* **What this task involves**:
Look for "Line((60, -3.175), (60, 0))" in the entries below. Then write out exactly the line that holds it and every line after it, to the last, and nothing else.

* **Records provided**:
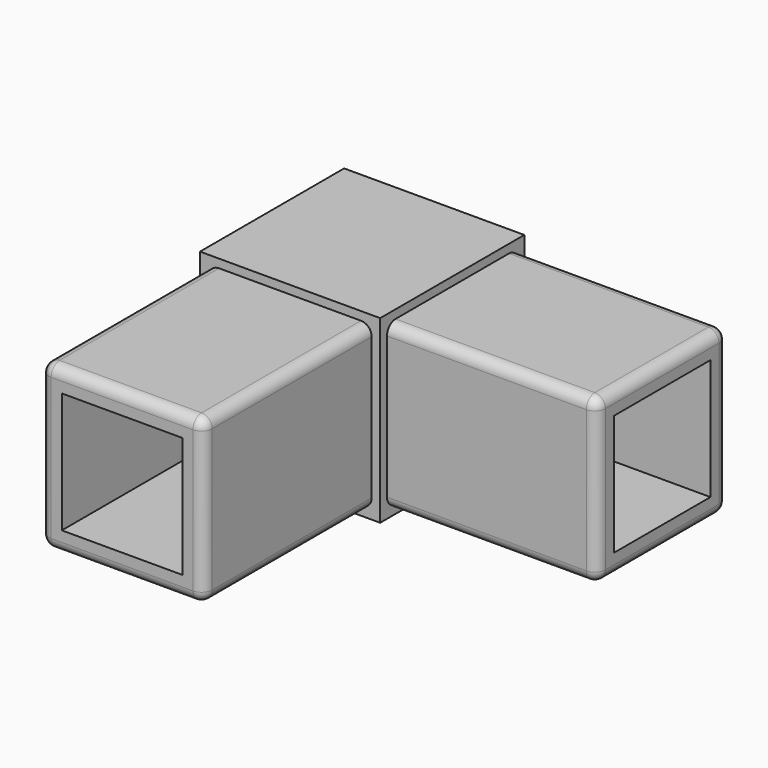
from build123d import *

# Parameters (mm, degrees)
F0_W     = 25.4
F0_H     = 25.4
F1_DEPTH = 12.7
F2_W     = 23
F2_H     = 23
F2_W_2   = 17
F2_H_2   = 17
F3_DEPTH = 29.6
F4_R     = 1.5


# Not quite as in the source:
# - a pattern or mirror of a feature is missing from the dataset's text; its kind, count and spacing are read off the source's solid


with BuildPart() as f1:
    # F0 (on Front) → F1 (new body, symmetric)
    with BuildSketch(Plane.XZ):
        Rectangle(F0_W, F0_H)
    extrude(amount=F1_DEPTH, both=True)

    # F2 (on face) → F3 (join)
    with BuildSketch(Plane.XZ.offset(12.7)):
        Rectangle(F2_W, F2_H)
        Rectangle(F2_W_2, F2_H_2, mode=Mode.SUBTRACT)
    f3 = extrude(amount=F3_DEPTH)

    # F3_copies: F3 across plane
    add(f3.mirror(Plane(origin=(0, 0, 0), x_dir=(-0.7071067812, 0.7071067812, 0), z_dir=(0.7071067812, 0.7071067812, 0))))

    # F4
    f4_edges = [f1.edges().sort_by_distance(p)[0] for p in [
        (11.5, -27.5, 11.5),
        (11.5, -27.5, -11.5),
        (-11.5, -27.5, 11.5),
        (-11.5, -27.5, -11.5),
        (0, -42.3, 11.5),
        (11.5, -42.3, 0),
        (0, -42.3, -11.5),
        (-11.5, -42.3, 0),
        (27.5, -11.5, -11.5),
        (27.5, -11.5, 11.5),
        (42.3, -11.5, 0),
        (27.5, 11.5, -11.5),
        (42.3, 0, -11.5),
        (27.5, 11.5, 11.5),
        (42.3, 11.5, 0),
        (42.3, 0, 11.5),
    ]]
    fillet(f4_edges, radius=F4_R)


solid = f1.part
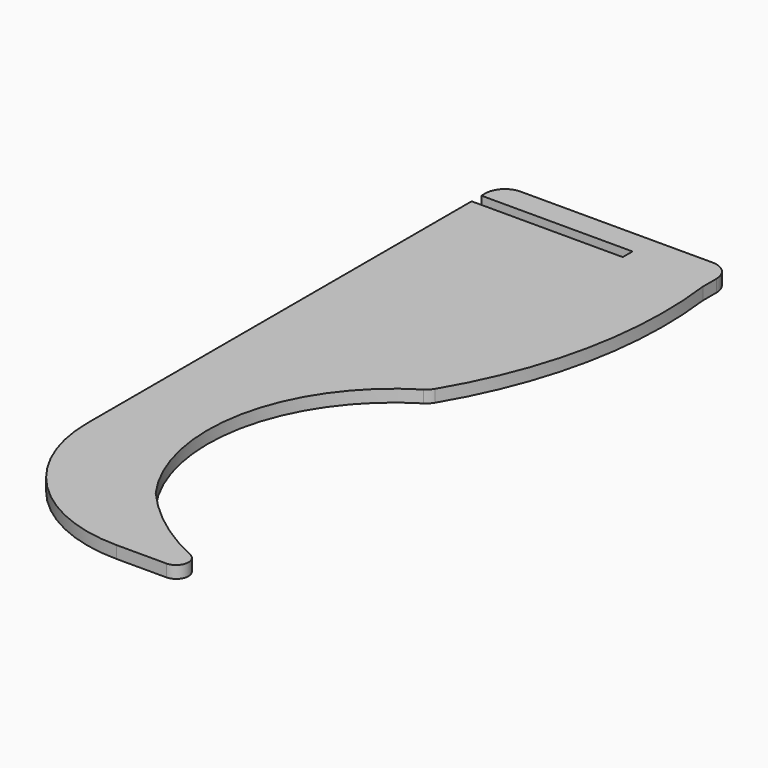
from build123d import *

# Parameters (mm, degrees)
F1_DEPTH = 3.175
F2_R     = 5.08


# Not quite as in the source:
# - a length typed as a fraction of an inch, garbled in the dataset ("3 / 203.2 mm" for 3/8 in), is restored


with BuildPart() as f1:
    # F0 (on Top) → F1 (new body)
    with BuildSketch(Plane.XY):
        with BuildLine():
            Line((0, 6.35), (0, 0))
            Line((0, 0), (39.228014, 0))
            Line((39.228014, 0), (39.228014, -3.175))
            Line((39.228014, -3.175), (0, -3.175))
            Line((0, -3.175), (0, -30.5298216847))
            Line((0, -30.5298216847), (0, -127.8741553825))
            ThreePointArc((0, -127.8741553825), (11.1624656807, -154.8181574015), (38.1091467085, -165.9741542846))
            Line((38.1091467085, -165.9741542846), (51.0104592901, -165.9710570523))
            ThreePointArc((51.0104592901, -165.9710570523), (54.1114045686, -163.4743163552), (52.3355938941, -159.9111615484))
            ThreePointArc((52.3355938941, -159.9111615484), (40.2763953072, -152.7327194477), (30, -143.175))
            ThreePointArc((30, -143.175), (22.0311793243, -104.8602527123), (45, -73.175))
            ThreePointArc((45, -73.175), (58.4492609505, -39.4498416322), (60, -3.175))
            Line((60, -3.175), (60, 0))
            Line((60, 0), (60, 6.35))
            Line((60, 6.35), (39.228014, 6.35))
            Line((39.228014, 6.35), (0, 6.35))
        make_face()
    extrude(amount=F1_DEPTH)

    # F2
    f2_edges = [f1.edges().sort_by_distance(p)[0] for p in [
        (60, 6.35, 1.5875),
        (0, 6.35, 1.5875),
        (45, -73.175, 1.5875),
    ]]
    fillet(f2_edges, radius=F2_R)


solid = f1.part

* **Output**:
            Line((60, -3.175), (60, 0))
            Line((60, 0), (60, 6.35))
            Line((60, 6.35), (39.228014, 6.35))
            Line((39.228014, 6.35), (0, 6.35))
        make_face()
    extrude(amount=F1_DEPTH)

    # F2
    f2_edges = [f1.edges().sort_by_distance(p)[0] for p in [
        (60, 6.35, 1.5875),
        (0, 6.35, 1.5875),
        (45, -73.175, 1.5875),
    ]]
    fillet(f2_edges, radius=F2_R)


solid = f1.part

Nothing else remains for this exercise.